*** Opening of Given records ***

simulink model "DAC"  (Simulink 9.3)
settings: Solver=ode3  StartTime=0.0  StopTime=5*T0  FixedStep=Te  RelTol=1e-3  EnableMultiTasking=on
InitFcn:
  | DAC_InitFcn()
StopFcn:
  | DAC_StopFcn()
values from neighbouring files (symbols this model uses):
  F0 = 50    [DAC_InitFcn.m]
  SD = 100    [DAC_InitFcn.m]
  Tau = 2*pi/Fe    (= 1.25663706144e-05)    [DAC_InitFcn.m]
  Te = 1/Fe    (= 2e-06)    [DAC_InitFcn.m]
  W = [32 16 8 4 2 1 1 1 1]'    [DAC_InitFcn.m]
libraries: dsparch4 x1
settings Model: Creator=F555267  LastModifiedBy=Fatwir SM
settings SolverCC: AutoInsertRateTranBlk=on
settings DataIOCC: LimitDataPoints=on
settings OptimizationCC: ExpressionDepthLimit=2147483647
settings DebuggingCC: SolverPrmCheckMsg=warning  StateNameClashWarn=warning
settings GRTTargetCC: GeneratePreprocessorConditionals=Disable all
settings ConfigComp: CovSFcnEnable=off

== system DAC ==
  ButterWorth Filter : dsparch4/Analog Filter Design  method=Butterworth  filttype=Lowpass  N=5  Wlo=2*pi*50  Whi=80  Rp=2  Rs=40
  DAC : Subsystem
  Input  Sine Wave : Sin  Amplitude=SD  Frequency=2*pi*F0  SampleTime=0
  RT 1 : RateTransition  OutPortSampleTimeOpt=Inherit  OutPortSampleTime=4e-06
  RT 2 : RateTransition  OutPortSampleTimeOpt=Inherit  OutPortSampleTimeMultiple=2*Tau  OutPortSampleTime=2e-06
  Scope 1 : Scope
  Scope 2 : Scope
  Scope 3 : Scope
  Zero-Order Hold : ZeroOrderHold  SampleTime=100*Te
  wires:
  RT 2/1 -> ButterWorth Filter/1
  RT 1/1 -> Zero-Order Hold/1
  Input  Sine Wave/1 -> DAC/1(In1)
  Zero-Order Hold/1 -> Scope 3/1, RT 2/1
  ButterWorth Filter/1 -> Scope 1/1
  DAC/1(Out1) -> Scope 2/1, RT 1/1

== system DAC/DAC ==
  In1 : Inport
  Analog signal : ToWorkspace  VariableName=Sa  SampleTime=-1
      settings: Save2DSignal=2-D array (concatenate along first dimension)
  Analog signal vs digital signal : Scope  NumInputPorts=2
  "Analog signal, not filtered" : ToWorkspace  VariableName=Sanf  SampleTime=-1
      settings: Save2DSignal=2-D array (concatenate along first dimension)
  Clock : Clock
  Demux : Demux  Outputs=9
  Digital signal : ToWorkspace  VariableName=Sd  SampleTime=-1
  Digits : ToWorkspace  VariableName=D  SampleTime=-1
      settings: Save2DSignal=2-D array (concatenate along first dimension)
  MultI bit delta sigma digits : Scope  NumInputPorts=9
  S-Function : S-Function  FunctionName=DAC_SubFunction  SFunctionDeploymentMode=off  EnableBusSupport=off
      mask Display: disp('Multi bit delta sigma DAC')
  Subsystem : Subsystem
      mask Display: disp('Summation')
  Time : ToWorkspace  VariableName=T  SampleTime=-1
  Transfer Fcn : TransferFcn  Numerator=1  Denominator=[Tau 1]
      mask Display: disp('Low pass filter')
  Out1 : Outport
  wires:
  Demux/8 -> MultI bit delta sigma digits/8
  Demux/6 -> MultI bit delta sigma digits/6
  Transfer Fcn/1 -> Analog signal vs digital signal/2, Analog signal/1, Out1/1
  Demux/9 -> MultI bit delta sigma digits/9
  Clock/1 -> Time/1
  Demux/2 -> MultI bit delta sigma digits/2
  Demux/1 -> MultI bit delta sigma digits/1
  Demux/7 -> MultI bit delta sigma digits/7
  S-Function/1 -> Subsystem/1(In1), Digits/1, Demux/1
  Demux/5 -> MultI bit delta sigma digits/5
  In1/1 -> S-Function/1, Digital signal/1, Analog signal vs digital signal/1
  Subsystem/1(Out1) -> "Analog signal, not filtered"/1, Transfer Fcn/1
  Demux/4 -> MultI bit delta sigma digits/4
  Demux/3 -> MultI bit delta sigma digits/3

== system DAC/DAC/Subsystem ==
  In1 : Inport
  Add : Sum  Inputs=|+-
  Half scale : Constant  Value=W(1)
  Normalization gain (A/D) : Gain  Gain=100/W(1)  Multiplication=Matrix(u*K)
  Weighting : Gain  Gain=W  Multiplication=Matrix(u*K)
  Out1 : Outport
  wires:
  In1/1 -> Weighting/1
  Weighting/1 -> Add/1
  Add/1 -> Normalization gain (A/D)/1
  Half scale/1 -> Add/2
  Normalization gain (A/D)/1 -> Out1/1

*** Close of Given records ***

**The task**
Repeat the entries above verbatim, but only from the line that has "S-Function/1 -> Subsystem/1(In1), Digits/1, Demux/1" down to the line that has "Half scale : Constant", inclusive.

**Solution**
  S-Function/1 -> Subsystem/1(In1), Digits/1, Demux/1
  Demux/5 -> MultI bit delta sigma digits/5
  In1/1 -> S-Function/1, Digital signal/1, Analog signal vs digital signal/1
  Subsystem/1(Out1) -> "Analog signal, not filtered"/1, Transfer Fcn/1
  Demux/4 -> MultI bit delta sigma digits/4
  Demux/3 -> MultI bit delta sigma digits/3

== system DAC/DAC/Subsystem ==
  In1 : Inport
  Add : Sum  Inputs=|+-
  Half scale : Constant  Value=W(1)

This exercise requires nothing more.